### WORK INSTRUCTIONS
Begin at the line containing "constraint coincident L12 L16.end" in the data below and go on through the line containing "line L20 (4.125, 7) -> (4.125, 6)", repeating each line exactly; include both ends and no other line.

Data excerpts
..........
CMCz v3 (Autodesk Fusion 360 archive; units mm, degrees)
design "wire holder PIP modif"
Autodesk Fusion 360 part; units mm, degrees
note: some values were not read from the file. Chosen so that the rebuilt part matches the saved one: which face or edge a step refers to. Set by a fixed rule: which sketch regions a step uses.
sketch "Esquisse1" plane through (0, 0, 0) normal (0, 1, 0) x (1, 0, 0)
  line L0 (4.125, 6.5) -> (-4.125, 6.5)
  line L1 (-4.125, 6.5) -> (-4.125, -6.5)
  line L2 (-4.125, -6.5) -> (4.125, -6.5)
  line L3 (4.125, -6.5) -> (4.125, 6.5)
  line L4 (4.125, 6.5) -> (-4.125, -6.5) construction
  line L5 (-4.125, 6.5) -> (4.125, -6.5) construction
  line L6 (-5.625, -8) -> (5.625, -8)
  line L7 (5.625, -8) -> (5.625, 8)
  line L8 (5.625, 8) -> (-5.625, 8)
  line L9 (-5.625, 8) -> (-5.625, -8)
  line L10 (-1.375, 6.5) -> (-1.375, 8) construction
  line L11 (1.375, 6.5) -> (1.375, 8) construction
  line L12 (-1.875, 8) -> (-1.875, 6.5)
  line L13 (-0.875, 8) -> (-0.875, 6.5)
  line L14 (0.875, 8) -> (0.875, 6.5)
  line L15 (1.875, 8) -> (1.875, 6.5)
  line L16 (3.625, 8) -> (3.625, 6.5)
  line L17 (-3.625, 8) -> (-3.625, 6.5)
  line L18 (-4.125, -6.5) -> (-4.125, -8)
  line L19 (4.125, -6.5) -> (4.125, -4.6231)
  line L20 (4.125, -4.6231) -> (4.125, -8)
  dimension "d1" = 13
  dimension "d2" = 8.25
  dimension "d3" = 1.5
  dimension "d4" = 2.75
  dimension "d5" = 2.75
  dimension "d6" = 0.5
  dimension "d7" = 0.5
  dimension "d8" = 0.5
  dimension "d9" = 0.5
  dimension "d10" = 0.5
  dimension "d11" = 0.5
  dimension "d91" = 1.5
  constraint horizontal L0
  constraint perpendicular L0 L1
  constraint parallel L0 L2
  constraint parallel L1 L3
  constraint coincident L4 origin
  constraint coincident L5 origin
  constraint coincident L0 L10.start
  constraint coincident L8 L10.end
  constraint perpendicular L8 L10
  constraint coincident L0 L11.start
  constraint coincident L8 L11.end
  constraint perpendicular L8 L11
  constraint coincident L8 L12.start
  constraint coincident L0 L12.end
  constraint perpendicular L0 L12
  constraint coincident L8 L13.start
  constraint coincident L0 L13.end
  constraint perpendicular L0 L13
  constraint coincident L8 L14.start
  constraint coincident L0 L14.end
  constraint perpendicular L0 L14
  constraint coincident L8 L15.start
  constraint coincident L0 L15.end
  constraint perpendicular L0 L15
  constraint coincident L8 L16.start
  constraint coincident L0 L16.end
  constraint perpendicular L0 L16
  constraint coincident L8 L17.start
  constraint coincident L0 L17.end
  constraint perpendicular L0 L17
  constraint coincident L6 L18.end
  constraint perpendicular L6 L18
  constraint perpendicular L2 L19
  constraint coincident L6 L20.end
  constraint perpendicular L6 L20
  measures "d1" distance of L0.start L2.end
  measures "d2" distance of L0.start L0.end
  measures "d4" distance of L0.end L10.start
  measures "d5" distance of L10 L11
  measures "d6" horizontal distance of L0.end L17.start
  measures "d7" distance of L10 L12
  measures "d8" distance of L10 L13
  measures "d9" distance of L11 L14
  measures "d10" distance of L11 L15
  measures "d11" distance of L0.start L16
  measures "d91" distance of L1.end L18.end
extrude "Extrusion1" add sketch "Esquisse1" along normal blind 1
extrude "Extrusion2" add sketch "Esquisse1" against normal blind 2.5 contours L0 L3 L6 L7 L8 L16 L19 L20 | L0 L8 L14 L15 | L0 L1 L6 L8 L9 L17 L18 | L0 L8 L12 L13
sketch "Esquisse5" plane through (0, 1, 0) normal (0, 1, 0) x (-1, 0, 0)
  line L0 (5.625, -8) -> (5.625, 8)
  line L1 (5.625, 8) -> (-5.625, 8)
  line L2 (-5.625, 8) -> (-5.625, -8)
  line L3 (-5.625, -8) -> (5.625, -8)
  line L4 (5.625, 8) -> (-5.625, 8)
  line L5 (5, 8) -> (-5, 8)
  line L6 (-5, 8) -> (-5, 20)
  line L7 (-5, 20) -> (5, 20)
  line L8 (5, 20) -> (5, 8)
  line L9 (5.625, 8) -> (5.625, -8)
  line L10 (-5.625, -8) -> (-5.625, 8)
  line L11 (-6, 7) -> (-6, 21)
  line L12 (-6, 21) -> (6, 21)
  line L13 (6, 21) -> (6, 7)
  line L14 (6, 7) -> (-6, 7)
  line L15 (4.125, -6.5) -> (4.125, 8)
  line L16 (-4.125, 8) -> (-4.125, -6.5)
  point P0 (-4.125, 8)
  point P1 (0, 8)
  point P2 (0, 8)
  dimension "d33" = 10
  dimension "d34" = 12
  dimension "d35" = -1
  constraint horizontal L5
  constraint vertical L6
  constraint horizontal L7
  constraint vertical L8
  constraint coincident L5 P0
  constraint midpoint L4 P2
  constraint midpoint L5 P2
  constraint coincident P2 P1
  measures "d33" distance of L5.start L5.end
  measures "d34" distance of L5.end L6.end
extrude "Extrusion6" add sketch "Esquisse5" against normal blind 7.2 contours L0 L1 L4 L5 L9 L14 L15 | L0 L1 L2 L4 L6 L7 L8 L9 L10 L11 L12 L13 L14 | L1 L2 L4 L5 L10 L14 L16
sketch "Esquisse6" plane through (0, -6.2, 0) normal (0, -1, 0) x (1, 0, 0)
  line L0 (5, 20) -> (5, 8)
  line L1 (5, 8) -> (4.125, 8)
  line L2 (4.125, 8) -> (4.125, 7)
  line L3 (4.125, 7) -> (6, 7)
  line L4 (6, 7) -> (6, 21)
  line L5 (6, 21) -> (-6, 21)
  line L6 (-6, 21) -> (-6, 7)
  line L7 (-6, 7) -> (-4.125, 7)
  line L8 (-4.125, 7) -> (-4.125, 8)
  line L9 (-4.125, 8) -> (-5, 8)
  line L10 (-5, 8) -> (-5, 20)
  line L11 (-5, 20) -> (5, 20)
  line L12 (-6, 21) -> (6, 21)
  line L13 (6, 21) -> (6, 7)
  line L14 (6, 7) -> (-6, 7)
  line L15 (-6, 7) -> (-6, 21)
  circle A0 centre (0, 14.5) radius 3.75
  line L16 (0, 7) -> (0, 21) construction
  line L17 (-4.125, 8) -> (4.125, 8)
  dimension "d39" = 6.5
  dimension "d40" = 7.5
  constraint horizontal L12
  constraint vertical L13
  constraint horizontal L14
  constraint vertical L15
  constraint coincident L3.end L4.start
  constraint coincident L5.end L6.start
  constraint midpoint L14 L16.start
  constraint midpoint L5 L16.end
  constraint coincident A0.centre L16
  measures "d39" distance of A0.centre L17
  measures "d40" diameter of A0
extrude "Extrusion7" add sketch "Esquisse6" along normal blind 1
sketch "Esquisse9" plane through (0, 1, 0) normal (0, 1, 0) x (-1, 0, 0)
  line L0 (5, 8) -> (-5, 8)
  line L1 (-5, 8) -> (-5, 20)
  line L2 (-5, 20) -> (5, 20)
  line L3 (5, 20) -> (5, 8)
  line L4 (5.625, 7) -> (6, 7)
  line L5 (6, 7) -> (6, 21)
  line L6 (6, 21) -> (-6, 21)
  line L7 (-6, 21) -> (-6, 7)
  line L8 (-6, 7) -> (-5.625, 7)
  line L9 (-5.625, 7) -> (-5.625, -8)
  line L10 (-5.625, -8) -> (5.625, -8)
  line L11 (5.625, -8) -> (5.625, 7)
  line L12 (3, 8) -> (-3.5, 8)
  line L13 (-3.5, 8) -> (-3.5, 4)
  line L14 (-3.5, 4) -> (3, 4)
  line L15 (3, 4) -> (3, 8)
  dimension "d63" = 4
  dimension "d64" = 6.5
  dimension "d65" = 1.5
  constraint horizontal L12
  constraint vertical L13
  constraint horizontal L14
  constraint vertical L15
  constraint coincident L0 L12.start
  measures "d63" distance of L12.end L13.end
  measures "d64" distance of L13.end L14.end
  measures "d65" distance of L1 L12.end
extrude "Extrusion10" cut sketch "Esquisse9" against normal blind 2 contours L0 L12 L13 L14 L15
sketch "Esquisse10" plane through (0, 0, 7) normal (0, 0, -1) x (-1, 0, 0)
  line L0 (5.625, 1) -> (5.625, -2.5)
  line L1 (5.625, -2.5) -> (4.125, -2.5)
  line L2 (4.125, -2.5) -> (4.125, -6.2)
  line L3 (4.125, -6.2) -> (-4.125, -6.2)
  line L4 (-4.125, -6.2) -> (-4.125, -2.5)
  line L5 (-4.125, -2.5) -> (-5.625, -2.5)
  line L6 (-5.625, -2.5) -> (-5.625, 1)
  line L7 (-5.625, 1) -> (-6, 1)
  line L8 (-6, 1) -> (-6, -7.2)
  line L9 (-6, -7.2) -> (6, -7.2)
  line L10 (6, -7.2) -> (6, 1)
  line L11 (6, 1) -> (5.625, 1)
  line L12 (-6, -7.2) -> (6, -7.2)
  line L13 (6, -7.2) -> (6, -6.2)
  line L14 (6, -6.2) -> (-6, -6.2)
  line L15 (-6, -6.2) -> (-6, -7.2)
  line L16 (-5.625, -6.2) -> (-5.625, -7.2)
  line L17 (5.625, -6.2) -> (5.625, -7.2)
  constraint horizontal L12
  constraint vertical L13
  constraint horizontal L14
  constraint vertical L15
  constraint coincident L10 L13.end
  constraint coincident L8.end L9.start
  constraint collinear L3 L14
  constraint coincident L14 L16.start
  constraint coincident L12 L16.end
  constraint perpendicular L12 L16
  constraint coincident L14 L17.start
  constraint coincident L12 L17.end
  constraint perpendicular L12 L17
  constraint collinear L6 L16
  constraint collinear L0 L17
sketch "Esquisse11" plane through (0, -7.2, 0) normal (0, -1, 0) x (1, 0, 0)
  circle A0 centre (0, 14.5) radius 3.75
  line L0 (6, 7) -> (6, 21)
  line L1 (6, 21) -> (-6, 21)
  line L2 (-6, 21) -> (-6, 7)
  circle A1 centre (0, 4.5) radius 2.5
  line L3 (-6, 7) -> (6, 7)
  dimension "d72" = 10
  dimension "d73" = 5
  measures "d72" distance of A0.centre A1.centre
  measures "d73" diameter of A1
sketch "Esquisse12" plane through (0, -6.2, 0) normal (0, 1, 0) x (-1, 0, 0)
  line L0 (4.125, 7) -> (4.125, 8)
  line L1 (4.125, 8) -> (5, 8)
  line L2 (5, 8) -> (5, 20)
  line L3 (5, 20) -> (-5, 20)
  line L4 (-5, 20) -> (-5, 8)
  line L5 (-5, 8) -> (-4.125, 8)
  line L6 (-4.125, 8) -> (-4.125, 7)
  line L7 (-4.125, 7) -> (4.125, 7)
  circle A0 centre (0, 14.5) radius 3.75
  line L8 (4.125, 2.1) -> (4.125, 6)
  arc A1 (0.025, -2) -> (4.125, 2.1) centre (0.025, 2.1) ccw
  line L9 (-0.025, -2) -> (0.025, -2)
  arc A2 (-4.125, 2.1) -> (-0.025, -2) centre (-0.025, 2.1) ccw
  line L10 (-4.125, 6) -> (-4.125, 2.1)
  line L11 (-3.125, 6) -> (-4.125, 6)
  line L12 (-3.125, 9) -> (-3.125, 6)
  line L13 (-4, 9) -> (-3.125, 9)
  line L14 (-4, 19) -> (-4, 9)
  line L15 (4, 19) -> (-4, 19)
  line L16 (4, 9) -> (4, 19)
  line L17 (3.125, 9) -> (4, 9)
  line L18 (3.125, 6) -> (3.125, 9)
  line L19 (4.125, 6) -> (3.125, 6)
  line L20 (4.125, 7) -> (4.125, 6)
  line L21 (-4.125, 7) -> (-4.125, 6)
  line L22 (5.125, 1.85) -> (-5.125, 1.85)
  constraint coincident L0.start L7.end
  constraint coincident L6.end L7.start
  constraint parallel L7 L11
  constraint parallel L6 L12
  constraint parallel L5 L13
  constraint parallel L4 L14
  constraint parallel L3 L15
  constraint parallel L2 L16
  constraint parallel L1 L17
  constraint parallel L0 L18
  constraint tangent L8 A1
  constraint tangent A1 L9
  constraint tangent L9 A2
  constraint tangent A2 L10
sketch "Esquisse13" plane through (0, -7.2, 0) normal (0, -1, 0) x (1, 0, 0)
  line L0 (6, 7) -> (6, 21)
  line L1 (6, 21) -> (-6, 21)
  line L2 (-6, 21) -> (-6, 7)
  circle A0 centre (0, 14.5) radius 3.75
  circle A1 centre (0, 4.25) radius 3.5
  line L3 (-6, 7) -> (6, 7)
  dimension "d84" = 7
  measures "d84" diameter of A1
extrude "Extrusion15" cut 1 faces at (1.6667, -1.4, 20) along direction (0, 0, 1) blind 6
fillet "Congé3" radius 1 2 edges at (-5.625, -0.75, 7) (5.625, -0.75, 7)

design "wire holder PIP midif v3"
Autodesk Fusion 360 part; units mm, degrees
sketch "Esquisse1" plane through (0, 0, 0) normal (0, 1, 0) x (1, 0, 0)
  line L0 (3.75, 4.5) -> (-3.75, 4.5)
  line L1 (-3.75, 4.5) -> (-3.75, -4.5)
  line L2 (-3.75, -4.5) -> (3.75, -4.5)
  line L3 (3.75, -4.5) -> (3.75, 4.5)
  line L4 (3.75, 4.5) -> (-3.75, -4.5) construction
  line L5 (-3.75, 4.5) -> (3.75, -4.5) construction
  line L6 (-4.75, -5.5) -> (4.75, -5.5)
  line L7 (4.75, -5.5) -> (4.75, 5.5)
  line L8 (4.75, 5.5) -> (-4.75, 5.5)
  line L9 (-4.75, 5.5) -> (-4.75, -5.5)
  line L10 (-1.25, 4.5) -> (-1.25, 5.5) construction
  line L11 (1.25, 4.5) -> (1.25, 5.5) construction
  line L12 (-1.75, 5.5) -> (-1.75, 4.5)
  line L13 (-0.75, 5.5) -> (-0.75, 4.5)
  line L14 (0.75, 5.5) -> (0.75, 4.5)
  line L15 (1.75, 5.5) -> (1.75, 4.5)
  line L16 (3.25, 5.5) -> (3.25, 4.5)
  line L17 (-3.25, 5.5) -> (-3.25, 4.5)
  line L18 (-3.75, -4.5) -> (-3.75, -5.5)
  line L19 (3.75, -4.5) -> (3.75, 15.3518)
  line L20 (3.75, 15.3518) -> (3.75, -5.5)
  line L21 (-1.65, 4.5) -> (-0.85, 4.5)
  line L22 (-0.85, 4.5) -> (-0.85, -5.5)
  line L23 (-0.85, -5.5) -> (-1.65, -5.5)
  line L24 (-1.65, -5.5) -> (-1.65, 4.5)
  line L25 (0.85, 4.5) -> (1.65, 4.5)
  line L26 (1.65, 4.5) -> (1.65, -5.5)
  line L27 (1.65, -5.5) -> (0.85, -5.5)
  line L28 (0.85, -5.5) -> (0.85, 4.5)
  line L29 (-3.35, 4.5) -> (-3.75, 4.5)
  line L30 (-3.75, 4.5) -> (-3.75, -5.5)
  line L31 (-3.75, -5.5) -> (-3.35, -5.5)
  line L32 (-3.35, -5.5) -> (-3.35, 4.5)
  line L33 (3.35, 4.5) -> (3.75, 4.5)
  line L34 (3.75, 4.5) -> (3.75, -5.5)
..........
### ANSWER SPACE
  constraint coincident L12 L16.end
  constraint perpendicular L12 L16
  constraint coincident L14 L17.start
  constraint coincident L12 L17.end
  constraint perpendicular L12 L17
  constraint collinear L6 L16
  constraint collinear L0 L17
sketch "Esquisse11" plane through (0, -7.2, 0) normal (0, -1, 0) x (1, 0, 0)
  circle A0 centre (0, 14.5) radius 3.75
  line L0 (6, 7) -> (6, 21)
  line L1 (6, 21) -> (-6, 21)
  line L2 (-6, 21) -> (-6, 7)
  circle A1 centre (0, 4.5) radius 2.5
  line L3 (-6, 7) -> (6, 7)
  dimension "d72" = 10
  dimension "d73" = 5
  measures "d72" distance of A0.centre A1.centre
  measures "d73" diameter of A1
sketch "Esquisse12" plane through (0, -6.2, 0) normal (0, 1, 0) x (-1, 0, 0)
  line L0 (4.125, 7) -> (4.125, 8)
  line L1 (4.125, 8) -> (5, 8)
  line L2 (5, 8) -> (5, 20)
  line L3 (5, 20) -> (-5, 20)
  line L4 (-5, 20) -> (-5, 8)
  line L5 (-5, 8) -> (-4.125, 8)
  line L6 (-4.125, 8) -> (-4.125, 7)
  line L7 (-4.125, 7) -> (4.125, 7)
  circle A0 centre (0, 14.5) radius 3.75
  line L8 (4.125, 2.1) -> (4.125, 6)
  arc A1 (0.025, -2) -> (4.125, 2.1) centre (0.025, 2.1) ccw
  line L9 (-0.025, -2) -> (0.025, -2)
  arc A2 (-4.125, 2.1) -> (-0.025, -2) centre (-0.025, 2.1) ccw
  line L10 (-4.125, 6) -> (-4.125, 2.1)
  line L11 (-3.125, 6) -> (-4.125, 6)
  line L12 (-3.125, 9) -> (-3.125, 6)
  line L13 (-4, 9) -> (-3.125, 9)
  line L14 (-4, 19) -> (-4, 9)
  line L15 (4, 19) -> (-4, 19)
  line L16 (4, 9) -> (4, 19)
  line L17 (3.125, 9) -> (4, 9)
  line L18 (3.125, 6) -> (3.125, 9)
  line L19 (4.125, 6) -> (3.125, 6)
  line L20 (4.125, 7) -> (4.125, 6)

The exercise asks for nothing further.